====== DATA FOR PROCESSING ======

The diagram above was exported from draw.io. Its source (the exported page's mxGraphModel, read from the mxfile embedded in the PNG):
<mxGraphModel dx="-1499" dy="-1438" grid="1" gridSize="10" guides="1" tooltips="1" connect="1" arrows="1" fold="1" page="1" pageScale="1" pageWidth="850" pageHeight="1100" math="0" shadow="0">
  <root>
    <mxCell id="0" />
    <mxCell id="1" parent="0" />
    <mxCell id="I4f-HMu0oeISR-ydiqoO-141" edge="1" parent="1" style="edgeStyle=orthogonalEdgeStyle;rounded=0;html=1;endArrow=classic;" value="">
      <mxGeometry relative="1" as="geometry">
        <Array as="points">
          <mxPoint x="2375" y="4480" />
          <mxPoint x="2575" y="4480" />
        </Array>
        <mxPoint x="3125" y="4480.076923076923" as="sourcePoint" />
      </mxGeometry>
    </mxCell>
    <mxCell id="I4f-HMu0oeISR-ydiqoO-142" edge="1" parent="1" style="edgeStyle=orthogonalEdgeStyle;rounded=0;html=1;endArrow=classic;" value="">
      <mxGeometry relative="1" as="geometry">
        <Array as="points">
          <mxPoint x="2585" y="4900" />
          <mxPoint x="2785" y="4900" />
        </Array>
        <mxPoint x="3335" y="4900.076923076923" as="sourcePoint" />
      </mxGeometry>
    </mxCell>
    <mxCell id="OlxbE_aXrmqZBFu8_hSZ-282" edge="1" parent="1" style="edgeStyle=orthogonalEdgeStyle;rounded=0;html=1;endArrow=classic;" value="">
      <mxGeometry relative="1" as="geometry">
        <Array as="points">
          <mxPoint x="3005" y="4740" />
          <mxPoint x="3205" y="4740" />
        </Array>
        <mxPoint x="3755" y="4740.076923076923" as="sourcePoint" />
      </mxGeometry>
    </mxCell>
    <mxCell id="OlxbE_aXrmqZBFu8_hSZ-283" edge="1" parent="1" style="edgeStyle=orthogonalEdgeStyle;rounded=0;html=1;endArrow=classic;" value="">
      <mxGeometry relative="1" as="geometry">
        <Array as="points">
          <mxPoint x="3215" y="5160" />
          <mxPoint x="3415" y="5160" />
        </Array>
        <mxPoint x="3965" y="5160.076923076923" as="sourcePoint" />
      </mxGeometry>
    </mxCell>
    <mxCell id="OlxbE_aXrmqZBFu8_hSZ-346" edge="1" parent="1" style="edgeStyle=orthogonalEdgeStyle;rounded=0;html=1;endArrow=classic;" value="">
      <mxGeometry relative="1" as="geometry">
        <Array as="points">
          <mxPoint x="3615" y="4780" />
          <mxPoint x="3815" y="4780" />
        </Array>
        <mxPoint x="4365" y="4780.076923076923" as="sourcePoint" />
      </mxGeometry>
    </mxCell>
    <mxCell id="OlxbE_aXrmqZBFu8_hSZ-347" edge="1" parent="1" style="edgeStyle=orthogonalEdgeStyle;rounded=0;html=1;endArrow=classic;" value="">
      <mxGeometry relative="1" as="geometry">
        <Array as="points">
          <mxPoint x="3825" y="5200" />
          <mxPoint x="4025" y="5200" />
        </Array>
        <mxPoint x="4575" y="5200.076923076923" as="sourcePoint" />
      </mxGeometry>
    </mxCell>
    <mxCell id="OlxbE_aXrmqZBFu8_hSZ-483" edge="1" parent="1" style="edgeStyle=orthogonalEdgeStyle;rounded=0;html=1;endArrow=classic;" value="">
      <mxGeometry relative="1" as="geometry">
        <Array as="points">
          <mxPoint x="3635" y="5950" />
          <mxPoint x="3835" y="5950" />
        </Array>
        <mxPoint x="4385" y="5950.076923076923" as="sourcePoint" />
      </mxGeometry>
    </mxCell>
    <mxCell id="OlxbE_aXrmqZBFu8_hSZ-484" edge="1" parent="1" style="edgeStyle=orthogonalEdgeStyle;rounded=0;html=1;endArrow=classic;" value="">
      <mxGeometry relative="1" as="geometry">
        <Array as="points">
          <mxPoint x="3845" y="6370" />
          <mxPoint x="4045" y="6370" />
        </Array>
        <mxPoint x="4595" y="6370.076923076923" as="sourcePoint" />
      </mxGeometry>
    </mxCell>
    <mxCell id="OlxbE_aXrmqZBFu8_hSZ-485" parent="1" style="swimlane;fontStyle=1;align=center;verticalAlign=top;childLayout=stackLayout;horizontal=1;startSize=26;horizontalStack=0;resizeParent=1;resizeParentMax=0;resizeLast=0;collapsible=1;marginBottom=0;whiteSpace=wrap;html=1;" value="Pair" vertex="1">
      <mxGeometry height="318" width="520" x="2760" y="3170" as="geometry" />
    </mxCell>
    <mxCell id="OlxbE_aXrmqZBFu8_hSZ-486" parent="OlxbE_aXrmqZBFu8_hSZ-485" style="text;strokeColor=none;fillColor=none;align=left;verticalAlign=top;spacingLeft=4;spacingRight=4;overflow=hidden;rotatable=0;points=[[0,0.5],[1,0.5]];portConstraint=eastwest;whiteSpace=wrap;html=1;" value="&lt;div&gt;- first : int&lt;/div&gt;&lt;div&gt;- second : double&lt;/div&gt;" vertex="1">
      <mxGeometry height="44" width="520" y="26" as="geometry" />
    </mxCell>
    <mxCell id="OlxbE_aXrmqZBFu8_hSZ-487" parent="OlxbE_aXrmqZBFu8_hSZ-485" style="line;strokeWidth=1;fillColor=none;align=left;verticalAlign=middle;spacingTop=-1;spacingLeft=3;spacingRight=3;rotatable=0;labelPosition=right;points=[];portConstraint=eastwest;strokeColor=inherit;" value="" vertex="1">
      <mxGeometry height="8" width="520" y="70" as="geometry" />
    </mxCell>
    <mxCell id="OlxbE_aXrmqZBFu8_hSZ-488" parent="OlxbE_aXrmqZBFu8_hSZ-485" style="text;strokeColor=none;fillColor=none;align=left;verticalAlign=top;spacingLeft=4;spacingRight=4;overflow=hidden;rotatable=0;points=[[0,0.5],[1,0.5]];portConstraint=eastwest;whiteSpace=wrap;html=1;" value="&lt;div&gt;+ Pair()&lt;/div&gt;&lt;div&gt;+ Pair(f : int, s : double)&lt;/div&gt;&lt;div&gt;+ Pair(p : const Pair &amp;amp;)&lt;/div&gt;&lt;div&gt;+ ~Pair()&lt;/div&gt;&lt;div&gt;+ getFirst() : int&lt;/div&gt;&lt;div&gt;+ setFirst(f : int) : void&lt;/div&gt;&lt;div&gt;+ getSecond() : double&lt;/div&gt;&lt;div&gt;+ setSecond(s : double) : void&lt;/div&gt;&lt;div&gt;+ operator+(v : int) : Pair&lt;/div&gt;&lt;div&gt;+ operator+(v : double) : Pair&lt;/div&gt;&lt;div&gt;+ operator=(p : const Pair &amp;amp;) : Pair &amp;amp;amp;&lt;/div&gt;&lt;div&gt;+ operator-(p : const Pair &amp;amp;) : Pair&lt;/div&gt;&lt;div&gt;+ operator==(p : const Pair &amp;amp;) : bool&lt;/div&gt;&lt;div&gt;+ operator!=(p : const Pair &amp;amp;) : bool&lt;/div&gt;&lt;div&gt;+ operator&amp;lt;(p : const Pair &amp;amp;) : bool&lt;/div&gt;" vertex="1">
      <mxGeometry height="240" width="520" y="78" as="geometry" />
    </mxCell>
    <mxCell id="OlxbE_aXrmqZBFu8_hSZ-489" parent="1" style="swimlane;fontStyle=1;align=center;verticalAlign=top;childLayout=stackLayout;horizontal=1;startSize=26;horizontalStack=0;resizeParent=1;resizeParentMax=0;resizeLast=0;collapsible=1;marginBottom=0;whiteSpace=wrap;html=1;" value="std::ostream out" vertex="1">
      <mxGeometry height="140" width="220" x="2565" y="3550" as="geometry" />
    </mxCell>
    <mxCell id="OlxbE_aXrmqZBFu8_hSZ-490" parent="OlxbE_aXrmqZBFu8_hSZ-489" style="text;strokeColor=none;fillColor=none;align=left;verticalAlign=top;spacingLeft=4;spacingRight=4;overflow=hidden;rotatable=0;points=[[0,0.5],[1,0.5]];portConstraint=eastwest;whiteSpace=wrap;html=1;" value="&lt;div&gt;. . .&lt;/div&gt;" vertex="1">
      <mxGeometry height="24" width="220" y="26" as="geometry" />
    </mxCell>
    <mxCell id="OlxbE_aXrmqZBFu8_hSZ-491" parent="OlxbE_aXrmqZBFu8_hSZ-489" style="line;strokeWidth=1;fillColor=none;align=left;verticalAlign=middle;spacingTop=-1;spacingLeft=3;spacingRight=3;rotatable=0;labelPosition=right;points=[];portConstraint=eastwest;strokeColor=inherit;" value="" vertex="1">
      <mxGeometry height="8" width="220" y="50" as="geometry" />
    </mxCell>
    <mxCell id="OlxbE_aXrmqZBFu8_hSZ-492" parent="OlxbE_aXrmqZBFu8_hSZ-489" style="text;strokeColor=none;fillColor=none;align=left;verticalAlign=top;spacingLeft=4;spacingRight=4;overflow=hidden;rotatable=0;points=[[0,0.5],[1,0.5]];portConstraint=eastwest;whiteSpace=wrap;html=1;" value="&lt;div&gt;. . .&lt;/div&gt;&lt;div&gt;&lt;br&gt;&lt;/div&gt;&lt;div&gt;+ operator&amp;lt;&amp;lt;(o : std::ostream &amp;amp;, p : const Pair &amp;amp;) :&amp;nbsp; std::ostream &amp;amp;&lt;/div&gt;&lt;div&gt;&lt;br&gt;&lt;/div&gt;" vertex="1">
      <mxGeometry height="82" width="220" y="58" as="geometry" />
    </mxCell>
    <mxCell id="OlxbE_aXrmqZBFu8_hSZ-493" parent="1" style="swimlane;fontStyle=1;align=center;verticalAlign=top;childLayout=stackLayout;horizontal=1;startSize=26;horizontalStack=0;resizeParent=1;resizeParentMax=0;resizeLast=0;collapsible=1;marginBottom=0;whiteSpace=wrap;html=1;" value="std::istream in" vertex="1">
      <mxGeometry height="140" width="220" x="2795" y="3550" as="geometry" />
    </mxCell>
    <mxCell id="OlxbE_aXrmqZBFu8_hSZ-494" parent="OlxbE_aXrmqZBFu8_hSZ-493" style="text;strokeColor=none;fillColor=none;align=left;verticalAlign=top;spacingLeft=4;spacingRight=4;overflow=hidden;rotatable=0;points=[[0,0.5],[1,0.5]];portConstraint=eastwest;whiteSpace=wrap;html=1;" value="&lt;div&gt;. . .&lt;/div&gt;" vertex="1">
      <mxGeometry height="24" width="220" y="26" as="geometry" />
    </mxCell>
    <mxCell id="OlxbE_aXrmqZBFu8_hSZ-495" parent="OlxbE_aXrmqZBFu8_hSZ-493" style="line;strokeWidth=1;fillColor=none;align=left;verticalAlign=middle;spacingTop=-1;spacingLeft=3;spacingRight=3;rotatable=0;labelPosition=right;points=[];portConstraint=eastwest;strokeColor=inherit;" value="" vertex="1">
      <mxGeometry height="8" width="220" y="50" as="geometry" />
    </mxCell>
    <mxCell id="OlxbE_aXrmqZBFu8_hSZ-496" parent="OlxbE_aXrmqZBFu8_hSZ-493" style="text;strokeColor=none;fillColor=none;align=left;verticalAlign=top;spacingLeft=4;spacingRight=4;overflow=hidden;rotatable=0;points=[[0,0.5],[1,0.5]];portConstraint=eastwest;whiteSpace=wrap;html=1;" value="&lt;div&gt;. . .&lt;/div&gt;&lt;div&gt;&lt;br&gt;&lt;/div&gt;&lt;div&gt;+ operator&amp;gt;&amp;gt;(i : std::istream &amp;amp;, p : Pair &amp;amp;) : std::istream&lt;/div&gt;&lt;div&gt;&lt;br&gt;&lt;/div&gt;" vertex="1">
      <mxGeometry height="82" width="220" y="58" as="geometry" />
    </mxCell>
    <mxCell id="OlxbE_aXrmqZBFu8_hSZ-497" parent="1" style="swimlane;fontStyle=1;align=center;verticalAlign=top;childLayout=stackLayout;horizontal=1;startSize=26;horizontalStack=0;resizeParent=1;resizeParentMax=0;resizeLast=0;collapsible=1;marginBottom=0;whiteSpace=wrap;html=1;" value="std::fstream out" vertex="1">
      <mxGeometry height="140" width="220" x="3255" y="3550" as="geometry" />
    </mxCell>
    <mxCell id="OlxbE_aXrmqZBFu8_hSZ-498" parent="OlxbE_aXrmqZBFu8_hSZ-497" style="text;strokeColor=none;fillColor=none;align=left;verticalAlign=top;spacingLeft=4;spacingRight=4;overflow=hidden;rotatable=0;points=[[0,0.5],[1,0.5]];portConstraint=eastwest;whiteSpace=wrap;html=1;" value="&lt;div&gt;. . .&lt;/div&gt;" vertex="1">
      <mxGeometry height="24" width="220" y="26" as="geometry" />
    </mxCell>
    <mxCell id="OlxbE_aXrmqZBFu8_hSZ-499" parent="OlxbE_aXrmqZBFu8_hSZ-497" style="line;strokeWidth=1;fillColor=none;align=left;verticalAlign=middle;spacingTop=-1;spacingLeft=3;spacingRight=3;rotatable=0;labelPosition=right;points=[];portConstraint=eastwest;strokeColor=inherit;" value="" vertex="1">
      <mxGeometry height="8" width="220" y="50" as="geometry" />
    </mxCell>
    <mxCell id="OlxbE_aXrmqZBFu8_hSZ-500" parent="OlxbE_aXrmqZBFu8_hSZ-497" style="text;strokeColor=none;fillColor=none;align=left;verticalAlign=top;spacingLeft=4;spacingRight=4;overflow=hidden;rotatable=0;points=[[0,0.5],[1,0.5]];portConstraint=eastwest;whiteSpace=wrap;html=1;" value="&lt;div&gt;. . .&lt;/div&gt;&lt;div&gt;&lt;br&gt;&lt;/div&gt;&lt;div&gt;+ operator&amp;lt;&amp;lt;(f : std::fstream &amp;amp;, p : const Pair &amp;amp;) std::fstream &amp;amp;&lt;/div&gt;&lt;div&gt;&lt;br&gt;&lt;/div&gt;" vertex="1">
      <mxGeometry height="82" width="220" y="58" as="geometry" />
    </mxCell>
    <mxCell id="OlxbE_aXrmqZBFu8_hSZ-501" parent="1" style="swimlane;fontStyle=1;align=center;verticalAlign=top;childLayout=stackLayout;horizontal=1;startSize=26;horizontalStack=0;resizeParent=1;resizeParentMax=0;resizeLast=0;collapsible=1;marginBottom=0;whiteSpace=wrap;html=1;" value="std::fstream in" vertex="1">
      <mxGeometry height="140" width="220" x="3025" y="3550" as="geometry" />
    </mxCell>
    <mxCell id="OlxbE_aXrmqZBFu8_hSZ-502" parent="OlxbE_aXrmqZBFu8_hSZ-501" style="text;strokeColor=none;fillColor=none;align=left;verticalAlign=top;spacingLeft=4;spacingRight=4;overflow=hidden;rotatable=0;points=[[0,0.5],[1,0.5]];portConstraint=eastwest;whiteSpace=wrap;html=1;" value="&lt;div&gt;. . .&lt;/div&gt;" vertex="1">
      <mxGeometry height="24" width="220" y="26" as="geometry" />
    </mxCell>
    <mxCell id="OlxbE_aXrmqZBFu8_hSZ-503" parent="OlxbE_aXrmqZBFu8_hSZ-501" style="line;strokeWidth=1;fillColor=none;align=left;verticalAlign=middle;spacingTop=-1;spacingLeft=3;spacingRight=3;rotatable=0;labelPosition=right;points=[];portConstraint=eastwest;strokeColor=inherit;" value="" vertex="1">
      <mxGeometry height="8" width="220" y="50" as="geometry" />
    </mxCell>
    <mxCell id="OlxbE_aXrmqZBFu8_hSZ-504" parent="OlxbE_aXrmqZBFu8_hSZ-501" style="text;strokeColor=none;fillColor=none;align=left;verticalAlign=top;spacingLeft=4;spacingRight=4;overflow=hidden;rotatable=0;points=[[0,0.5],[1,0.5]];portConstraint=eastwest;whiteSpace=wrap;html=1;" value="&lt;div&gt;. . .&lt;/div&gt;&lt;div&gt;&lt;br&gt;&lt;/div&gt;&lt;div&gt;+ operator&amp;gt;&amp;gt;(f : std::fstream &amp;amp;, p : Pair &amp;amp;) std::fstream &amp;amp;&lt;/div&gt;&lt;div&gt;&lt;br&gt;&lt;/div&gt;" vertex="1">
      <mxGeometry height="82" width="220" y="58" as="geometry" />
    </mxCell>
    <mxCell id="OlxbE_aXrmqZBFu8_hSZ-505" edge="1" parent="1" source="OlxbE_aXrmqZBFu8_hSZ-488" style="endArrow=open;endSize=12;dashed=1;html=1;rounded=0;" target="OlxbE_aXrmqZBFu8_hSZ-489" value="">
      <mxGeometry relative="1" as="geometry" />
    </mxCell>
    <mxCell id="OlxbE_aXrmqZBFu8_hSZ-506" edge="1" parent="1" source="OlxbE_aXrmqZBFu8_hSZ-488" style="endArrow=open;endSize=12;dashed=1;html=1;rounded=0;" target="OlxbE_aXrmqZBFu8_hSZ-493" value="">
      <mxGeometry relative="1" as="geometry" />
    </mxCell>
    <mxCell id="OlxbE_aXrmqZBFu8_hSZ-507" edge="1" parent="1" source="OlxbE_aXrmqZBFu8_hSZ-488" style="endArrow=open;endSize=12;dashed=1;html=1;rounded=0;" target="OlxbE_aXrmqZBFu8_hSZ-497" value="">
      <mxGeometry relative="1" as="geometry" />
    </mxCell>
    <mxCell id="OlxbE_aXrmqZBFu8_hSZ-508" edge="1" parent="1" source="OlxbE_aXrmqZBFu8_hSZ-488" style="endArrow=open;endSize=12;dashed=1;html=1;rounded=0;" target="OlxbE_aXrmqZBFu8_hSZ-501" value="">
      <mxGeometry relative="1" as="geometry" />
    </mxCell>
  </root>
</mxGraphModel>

======

### EXERCISE AIM:
Look through the data above. Each line containing the word "sourcePoint" needs to be copied.

### ANSWER BOX:
        <mxPoint x="3125" y="4480.076923076923" as="sourcePoint" />
        <mxPoint x="3335" y="4900.076923076923" as="sourcePoint" />
        <mxPoint x="3755" y="4740.076923076923" as="sourcePoint" />
        <mxPoint x="3965" y="5160.076923076923" as="sourcePoint" />
        <mxPoint x="4365" y="4780.076923076923" as="sourcePoint" />
        <mxPoint x="4575" y="5200.076923076923" as="sourcePoint" />
        <mxPoint x="4385" y="5950.076923076923" as="sourcePoint" />
        <mxPoint x="4595" y="6370.076923076923" as="sourcePoint" />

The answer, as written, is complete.